**PROBLEM DESCRIPTION**
Could you write out, word for word, only the lines from the one containing "line L509 (63.43, 63.43) -> (63.43, 58.43)" through the last line of the data below?
____
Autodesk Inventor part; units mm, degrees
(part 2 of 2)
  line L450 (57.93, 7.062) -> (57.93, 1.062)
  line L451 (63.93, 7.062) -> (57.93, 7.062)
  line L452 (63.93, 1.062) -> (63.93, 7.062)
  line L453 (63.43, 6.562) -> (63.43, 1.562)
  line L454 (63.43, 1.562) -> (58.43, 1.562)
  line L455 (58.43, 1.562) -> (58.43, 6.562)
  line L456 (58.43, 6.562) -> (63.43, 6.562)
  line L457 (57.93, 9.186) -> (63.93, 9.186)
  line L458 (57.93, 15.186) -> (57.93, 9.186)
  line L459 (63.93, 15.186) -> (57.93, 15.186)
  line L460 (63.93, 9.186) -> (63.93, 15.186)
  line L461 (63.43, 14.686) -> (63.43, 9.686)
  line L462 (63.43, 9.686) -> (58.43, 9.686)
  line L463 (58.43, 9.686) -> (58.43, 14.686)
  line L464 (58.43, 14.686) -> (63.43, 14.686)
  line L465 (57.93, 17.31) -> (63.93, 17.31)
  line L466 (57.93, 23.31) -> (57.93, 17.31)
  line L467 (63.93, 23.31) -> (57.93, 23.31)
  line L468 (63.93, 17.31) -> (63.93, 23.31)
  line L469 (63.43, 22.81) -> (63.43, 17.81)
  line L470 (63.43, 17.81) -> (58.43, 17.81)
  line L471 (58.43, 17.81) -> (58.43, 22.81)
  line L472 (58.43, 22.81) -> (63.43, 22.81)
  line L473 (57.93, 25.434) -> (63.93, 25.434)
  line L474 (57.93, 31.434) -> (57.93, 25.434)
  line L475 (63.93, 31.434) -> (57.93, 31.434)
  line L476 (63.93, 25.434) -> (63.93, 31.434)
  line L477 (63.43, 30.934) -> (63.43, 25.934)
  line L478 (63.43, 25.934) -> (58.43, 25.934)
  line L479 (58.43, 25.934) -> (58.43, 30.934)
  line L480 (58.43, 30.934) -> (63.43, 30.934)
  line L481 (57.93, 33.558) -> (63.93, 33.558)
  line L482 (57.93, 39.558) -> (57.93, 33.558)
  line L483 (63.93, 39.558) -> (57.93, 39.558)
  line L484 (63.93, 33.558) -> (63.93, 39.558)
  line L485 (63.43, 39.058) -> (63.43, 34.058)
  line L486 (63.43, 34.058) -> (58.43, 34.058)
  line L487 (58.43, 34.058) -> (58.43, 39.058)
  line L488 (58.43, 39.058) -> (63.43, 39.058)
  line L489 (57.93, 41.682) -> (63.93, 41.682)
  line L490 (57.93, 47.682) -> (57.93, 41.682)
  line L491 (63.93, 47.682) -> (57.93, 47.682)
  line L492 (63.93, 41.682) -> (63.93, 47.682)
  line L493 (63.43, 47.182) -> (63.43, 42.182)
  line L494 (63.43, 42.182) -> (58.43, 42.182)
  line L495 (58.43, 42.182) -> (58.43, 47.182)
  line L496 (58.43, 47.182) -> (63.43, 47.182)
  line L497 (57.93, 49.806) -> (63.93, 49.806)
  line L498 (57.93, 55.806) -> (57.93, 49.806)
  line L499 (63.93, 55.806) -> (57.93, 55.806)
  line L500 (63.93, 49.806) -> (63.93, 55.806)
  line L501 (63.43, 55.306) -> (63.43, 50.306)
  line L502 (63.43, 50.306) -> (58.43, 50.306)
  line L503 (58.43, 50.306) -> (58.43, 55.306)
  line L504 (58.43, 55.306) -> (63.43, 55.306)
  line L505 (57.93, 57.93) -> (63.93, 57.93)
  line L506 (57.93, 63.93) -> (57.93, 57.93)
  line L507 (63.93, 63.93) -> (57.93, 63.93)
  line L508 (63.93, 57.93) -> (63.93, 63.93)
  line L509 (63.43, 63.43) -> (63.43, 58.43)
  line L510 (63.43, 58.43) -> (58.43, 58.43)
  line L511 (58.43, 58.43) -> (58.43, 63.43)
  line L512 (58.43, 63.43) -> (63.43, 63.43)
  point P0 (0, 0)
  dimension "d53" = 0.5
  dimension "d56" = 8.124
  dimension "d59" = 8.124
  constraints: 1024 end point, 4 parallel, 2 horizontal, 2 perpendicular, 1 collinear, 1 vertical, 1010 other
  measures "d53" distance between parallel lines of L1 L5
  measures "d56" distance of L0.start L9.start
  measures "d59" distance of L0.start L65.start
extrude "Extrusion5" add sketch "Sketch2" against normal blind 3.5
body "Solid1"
____
**ANSWER**
  line L509 (63.43, 63.43) -> (63.43, 58.43)
  line L510 (63.43, 58.43) -> (58.43, 58.43)
  line L511 (58.43, 58.43) -> (58.43, 63.43)
  line L512 (58.43, 63.43) -> (63.43, 63.43)
  point P0 (0, 0)
  dimension "d53" = 0.5
  dimension "d56" = 8.124
  dimension "d59" = 8.124
  constraints: 1024 end point, 4 parallel, 2 horizontal, 2 perpendicular, 1 collinear, 1 vertical, 1010 other
  measures "d53" distance between parallel lines of L1 L5
  measures "d56" distance of L0.start L9.start
  measures "d59" distance of L0.start L65.start
extrude "Extrusion5" add sketch "Sketch2" against normal blind 3.5
body "Solid1"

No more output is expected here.